# [Input material]
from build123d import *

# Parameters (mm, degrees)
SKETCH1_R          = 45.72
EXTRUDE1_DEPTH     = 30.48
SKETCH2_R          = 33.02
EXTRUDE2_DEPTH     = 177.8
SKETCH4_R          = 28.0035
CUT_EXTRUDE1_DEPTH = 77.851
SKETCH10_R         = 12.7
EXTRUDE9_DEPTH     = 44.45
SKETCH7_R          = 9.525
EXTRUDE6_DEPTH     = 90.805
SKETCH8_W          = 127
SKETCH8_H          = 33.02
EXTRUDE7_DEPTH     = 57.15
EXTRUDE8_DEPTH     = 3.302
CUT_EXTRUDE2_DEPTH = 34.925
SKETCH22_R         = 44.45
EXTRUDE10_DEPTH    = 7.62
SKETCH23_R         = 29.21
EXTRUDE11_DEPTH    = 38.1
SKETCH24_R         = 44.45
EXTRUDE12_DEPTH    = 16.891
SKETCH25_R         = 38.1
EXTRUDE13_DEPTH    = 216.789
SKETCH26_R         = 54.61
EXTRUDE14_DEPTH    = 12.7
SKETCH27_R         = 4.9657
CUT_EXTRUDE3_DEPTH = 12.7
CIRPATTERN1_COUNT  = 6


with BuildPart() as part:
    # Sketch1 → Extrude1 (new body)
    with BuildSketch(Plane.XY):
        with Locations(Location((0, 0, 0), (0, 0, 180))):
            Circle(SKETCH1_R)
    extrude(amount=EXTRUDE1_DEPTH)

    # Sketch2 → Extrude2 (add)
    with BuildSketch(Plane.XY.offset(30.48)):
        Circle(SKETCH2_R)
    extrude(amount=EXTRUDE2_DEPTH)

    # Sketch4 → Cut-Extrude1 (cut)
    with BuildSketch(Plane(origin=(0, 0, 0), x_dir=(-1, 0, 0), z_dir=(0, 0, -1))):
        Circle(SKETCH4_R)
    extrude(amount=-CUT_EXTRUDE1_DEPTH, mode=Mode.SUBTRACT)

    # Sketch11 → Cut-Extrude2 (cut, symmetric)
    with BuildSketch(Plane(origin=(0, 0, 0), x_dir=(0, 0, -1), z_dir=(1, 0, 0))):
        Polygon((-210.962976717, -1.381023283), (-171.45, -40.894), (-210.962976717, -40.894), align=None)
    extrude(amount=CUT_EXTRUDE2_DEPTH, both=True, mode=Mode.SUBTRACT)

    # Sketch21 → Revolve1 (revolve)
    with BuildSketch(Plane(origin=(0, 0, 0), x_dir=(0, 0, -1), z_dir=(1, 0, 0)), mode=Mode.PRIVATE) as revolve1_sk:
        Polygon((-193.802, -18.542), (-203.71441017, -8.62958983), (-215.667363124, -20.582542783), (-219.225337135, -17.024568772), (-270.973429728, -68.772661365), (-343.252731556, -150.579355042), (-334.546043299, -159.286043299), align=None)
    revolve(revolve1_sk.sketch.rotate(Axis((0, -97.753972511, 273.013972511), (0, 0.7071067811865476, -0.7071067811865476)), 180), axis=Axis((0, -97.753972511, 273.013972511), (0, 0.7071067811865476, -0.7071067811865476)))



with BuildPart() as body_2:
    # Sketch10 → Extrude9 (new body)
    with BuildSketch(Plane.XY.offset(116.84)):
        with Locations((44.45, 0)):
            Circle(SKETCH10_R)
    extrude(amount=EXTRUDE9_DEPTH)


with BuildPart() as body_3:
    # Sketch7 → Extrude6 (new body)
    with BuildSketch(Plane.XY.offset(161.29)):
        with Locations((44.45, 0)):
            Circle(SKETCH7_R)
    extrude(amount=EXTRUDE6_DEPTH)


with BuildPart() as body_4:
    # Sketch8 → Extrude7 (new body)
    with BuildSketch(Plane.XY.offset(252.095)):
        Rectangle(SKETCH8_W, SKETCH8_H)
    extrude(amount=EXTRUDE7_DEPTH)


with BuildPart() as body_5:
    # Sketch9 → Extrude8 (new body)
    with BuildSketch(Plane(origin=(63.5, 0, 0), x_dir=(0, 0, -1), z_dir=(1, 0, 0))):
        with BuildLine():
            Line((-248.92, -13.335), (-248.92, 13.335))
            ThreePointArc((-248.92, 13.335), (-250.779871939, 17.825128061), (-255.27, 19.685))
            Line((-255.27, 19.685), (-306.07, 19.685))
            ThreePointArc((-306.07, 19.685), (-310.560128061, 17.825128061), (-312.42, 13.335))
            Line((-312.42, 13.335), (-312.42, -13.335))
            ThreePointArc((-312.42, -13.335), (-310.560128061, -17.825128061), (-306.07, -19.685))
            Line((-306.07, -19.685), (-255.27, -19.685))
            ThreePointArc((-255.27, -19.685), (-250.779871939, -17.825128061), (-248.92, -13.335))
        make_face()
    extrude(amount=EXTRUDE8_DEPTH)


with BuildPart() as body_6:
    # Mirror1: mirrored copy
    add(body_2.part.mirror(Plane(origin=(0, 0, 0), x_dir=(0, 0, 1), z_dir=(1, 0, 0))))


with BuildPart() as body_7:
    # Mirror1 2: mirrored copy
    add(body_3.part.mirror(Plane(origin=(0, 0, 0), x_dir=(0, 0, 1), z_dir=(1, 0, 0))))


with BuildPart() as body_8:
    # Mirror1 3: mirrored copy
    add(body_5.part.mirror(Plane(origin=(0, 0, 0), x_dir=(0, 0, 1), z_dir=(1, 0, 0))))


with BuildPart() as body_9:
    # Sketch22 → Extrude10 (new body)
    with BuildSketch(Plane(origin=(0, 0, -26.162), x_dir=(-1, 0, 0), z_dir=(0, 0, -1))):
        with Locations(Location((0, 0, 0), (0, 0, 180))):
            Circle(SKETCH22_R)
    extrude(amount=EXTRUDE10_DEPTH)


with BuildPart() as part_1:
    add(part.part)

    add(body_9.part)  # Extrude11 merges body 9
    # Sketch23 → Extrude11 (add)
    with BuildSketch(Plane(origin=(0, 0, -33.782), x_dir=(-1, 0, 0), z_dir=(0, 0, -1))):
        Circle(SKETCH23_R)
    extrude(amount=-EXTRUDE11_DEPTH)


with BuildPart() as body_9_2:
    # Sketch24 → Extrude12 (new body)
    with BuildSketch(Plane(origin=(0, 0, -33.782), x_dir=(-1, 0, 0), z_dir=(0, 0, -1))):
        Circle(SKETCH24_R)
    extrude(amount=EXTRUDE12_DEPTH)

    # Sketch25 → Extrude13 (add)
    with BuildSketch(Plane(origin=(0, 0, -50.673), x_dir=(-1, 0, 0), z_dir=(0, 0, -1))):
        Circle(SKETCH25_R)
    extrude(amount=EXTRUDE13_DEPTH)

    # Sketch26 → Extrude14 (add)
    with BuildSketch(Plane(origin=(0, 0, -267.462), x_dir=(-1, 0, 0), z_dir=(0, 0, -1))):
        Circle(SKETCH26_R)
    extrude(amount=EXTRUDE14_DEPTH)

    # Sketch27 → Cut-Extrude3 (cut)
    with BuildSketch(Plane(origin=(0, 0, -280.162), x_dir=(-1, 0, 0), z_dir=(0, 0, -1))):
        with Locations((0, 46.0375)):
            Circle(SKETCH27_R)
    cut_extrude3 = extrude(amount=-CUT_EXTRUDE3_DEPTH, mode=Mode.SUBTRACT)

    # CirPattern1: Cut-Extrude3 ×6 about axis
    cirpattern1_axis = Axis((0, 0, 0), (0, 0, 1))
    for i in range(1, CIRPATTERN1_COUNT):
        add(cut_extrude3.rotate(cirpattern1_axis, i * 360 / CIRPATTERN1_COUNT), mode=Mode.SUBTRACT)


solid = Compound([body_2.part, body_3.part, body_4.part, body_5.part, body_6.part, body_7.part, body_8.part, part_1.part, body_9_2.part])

# [Task brief]
The whole listing, restated word for word, is the expected answer.

# [Solution for this exercise]
from build123d import *

# Parameters (mm, degrees)
SKETCH1_R          = 45.72
EXTRUDE1_DEPTH     = 30.48
SKETCH2_R          = 33.02
EXTRUDE2_DEPTH     = 177.8
SKETCH4_R          = 28.0035
CUT_EXTRUDE1_DEPTH = 77.851
SKETCH10_R         = 12.7
EXTRUDE9_DEPTH     = 44.45
SKETCH7_R          = 9.525
EXTRUDE6_DEPTH     = 90.805
SKETCH8_W          = 127
SKETCH8_H          = 33.02
EXTRUDE7_DEPTH     = 57.15
EXTRUDE8_DEPTH     = 3.302
CUT_EXTRUDE2_DEPTH = 34.925
SKETCH22_R         = 44.45
EXTRUDE10_DEPTH    = 7.62
SKETCH23_R         = 29.21
EXTRUDE11_DEPTH    = 38.1
SKETCH24_R         = 44.45
EXTRUDE12_DEPTH    = 16.891
SKETCH25_R         = 38.1
EXTRUDE13_DEPTH    = 216.789
SKETCH26_R         = 54.61
EXTRUDE14_DEPTH    = 12.7
SKETCH27_R         = 4.9657
CUT_EXTRUDE3_DEPTH = 12.7
CIRPATTERN1_COUNT  = 6


with BuildPart() as part:
    # Sketch1 → Extrude1 (new body)
    with BuildSketch(Plane.XY):
        with Locations(Location((0, 0, 0), (0, 0, 180))):
            Circle(SKETCH1_R)
    extrude(amount=EXTRUDE1_DEPTH)

    # Sketch2 → Extrude2 (add)
    with BuildSketch(Plane.XY.offset(30.48)):
        Circle(SKETCH2_R)
    extrude(amount=EXTRUDE2_DEPTH)

    # Sketch4 → Cut-Extrude1 (cut)
    with BuildSketch(Plane(origin=(0, 0, 0), x_dir=(-1, 0, 0), z_dir=(0, 0, -1))):
        Circle(SKETCH4_R)
    extrude(amount=-CUT_EXTRUDE1_DEPTH, mode=Mode.SUBTRACT)

    # Sketch11 → Cut-Extrude2 (cut, symmetric)
    with BuildSketch(Plane(origin=(0, 0, 0), x_dir=(0, 0, -1), z_dir=(1, 0, 0))):
        Polygon((-210.962976717, -1.381023283), (-171.45, -40.894), (-210.962976717, -40.894), align=None)
    extrude(amount=CUT_EXTRUDE2_DEPTH, both=True, mode=Mode.SUBTRACT)

    # Sketch21 → Revolve1 (revolve)
    with BuildSketch(Plane(origin=(0, 0, 0), x_dir=(0, 0, -1), z_dir=(1, 0, 0)), mode=Mode.PRIVATE) as revolve1_sk:
        Polygon((-193.802, -18.542), (-203.71441017, -8.62958983), (-215.667363124, -20.582542783), (-219.225337135, -17.024568772), (-270.973429728, -68.772661365), (-343.252731556, -150.579355042), (-334.546043299, -159.286043299), align=None)
    revolve(revolve1_sk.sketch.rotate(Axis((0, -97.753972511, 273.013972511), (0, 0.7071067811865476, -0.7071067811865476)), 180), axis=Axis((0, -97.753972511, 273.013972511), (0, 0.7071067811865476, -0.7071067811865476)))



with BuildPart() as body_2:
    # Sketch10 → Extrude9 (new body)
    with BuildSketch(Plane.XY.offset(116.84)):
        with Locations((44.45, 0)):
            Circle(SKETCH10_R)
    extrude(amount=EXTRUDE9_DEPTH)


with BuildPart() as body_3:
    # Sketch7 → Extrude6 (new body)
    with BuildSketch(Plane.XY.offset(161.29)):
        with Locations((44.45, 0)):
            Circle(SKETCH7_R)
    extrude(amount=EXTRUDE6_DEPTH)


with BuildPart() as body_4:
    # Sketch8 → Extrude7 (new body)
    with BuildSketch(Plane.XY.offset(252.095)):
        Rectangle(SKETCH8_W, SKETCH8_H)
    extrude(amount=EXTRUDE7_DEPTH)


with BuildPart() as body_5:
    # Sketch9 → Extrude8 (new body)
    with BuildSketch(Plane(origin=(63.5, 0, 0), x_dir=(0, 0, -1), z_dir=(1, 0, 0))):
        with BuildLine():
            Line((-248.92, -13.335), (-248.92, 13.335))
            ThreePointArc((-248.92, 13.335), (-250.779871939, 17.825128061), (-255.27, 19.685))
            Line((-255.27, 19.685), (-306.07, 19.685))
            ThreePointArc((-306.07, 19.685), (-310.560128061, 17.825128061), (-312.42, 13.335))
            Line((-312.42, 13.335), (-312.42, -13.335))
            ThreePointArc((-312.42, -13.335), (-310.560128061, -17.825128061), (-306.07, -19.685))
            Line((-306.07, -19.685), (-255.27, -19.685))
            ThreePointArc((-255.27, -19.685), (-250.779871939, -17.825128061), (-248.92, -13.335))
        make_face()
    extrude(amount=EXTRUDE8_DEPTH)


with BuildPart() as body_6:
    # Mirror1: mirrored copy
    add(body_2.part.mirror(Plane(origin=(0, 0, 0), x_dir=(0, 0, 1), z_dir=(1, 0, 0))))


with BuildPart() as body_7:
    # Mirror1 2: mirrored copy
    add(body_3.part.mirror(Plane(origin=(0, 0, 0), x_dir=(0, 0, 1), z_dir=(1, 0, 0))))


with BuildPart() as body_8:
    # Mirror1 3: mirrored copy
    add(body_5.part.mirror(Plane(origin=(0, 0, 0), x_dir=(0, 0, 1), z_dir=(1, 0, 0))))


with BuildPart() as body_9:
    # Sketch22 → Extrude10 (new body)
    with BuildSketch(Plane(origin=(0, 0, -26.162), x_dir=(-1, 0, 0), z_dir=(0, 0, -1))):
        with Locations(Location((0, 0, 0), (0, 0, 180))):
            Circle(SKETCH22_R)
    extrude(amount=EXTRUDE10_DEPTH)


with BuildPart() as part_1:
    add(part.part)

    add(body_9.part)  # Extrude11 merges body 9
    # Sketch23 → Extrude11 (add)
    with BuildSketch(Plane(origin=(0, 0, -33.782), x_dir=(-1, 0, 0), z_dir=(0, 0, -1))):
        Circle(SKETCH23_R)
    extrude(amount=-EXTRUDE11_DEPTH)


with BuildPart() as body_9_2:
    # Sketch24 → Extrude12 (new body)
    with BuildSketch(Plane(origin=(0, 0, -33.782), x_dir=(-1, 0, 0), z_dir=(0, 0, -1))):
        Circle(SKETCH24_R)
    extrude(amount=EXTRUDE12_DEPTH)

    # Sketch25 → Extrude13 (add)
    with BuildSketch(Plane(origin=(0, 0, -50.673), x_dir=(-1, 0, 0), z_dir=(0, 0, -1))):
        Circle(SKETCH25_R)
    extrude(amount=EXTRUDE13_DEPTH)

    # Sketch26 → Extrude14 (add)
    with BuildSketch(Plane(origin=(0, 0, -267.462), x_dir=(-1, 0, 0), z_dir=(0, 0, -1))):
        Circle(SKETCH26_R)
    extrude(amount=EXTRUDE14_DEPTH)

    # Sketch27 → Cut-Extrude3 (cut)
    with BuildSketch(Plane(origin=(0, 0, -280.162), x_dir=(-1, 0, 0), z_dir=(0, 0, -1))):
        with Locations((0, 46.0375)):
            Circle(SKETCH27_R)
    cut_extrude3 = extrude(amount=-CUT_EXTRUDE3_DEPTH, mode=Mode.SUBTRACT)

    # CirPattern1: Cut-Extrude3 ×6 about axis
    cirpattern1_axis = Axis((0, 0, 0), (0, 0, 1))
    for i in range(1, CIRPATTERN1_COUNT):
        add(cut_extrude3.rotate(cirpattern1_axis, i * 360 / CIRPATTERN1_COUNT), mode=Mode.SUBTRACT)


solid = Compound([body_2.part, body_3.part, body_4.part, body_5.part, body_6.part, body_7.part, body_8.part, part_1.part, body_9_2.part])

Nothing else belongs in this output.